* **WHAT YOU SHOULD DO**:
Could you find every line in the entries below that holds the word "AllDays" and copy it?

(INPUT DATA Opens)

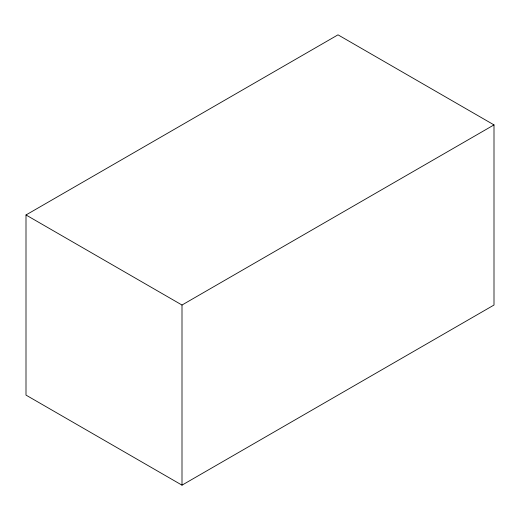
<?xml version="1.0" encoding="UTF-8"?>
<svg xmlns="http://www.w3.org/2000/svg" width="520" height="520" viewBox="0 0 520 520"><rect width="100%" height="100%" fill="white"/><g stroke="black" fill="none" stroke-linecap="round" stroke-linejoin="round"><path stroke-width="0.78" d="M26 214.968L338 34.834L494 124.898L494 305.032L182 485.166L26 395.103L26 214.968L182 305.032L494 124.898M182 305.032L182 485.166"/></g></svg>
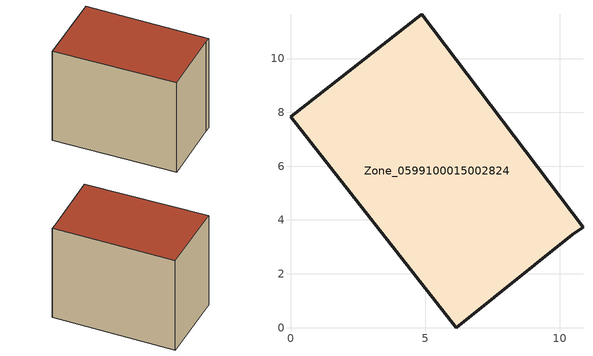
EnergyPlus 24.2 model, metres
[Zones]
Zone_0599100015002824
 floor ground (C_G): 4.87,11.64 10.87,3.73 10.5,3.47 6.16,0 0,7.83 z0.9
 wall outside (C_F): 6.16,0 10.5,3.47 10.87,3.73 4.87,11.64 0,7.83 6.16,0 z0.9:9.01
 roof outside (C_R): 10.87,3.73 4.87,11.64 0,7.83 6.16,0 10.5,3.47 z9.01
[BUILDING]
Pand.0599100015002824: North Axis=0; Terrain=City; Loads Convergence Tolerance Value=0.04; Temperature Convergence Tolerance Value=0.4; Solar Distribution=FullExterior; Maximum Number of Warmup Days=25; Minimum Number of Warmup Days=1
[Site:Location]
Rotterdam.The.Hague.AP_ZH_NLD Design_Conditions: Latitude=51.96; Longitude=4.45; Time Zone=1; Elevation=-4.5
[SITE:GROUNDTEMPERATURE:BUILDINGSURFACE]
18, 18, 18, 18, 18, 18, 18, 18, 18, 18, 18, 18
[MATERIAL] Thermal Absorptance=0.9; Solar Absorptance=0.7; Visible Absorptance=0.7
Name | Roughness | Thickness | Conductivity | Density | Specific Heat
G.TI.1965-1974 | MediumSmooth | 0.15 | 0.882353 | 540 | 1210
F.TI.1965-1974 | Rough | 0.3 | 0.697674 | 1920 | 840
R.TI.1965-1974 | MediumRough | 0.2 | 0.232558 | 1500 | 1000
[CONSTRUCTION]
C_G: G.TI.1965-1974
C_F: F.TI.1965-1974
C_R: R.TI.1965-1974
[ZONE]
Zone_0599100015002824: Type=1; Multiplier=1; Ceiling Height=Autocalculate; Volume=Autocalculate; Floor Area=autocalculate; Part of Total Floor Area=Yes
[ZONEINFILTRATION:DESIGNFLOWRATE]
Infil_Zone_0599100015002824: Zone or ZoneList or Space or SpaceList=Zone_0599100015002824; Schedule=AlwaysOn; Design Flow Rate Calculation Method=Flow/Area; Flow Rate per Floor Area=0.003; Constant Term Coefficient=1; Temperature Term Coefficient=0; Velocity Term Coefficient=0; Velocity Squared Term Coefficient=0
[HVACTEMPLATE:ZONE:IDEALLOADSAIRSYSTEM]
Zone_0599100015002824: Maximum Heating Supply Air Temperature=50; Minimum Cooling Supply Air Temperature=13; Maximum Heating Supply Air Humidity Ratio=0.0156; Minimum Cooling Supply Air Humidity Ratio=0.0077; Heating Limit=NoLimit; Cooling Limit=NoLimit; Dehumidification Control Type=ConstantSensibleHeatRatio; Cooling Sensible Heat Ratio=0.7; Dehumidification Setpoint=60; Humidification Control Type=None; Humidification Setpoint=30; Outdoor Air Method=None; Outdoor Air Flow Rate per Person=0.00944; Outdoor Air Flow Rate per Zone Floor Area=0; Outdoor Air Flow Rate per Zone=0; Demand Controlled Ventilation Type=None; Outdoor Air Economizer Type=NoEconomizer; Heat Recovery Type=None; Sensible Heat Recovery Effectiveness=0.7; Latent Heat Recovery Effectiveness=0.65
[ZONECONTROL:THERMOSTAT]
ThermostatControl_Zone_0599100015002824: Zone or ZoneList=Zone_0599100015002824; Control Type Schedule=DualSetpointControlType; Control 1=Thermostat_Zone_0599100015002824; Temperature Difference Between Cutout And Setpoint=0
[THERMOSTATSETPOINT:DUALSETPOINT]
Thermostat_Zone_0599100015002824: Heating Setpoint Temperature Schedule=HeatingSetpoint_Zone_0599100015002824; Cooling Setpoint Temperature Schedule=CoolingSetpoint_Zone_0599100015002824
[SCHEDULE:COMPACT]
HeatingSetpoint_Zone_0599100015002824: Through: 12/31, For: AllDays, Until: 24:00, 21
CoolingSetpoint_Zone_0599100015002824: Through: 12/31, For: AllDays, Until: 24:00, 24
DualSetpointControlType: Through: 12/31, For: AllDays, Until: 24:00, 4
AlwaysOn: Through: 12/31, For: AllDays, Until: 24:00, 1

(INPUT DATA Closes)

* **THE COMPLETED TASK**:
HeatingSetpoint_Zone_0599100015002824: Through: 12/31, For: AllDays, Until: 24:00, 21
CoolingSetpoint_Zone_0599100015002824: Through: 12/31, For: AllDays, Until: 24:00, 24
DualSetpointControlType: Through: 12/31, For: AllDays, Until: 24:00, 4
AlwaysOn: Through: 12/31, For: AllDays, Until: 24:00, 1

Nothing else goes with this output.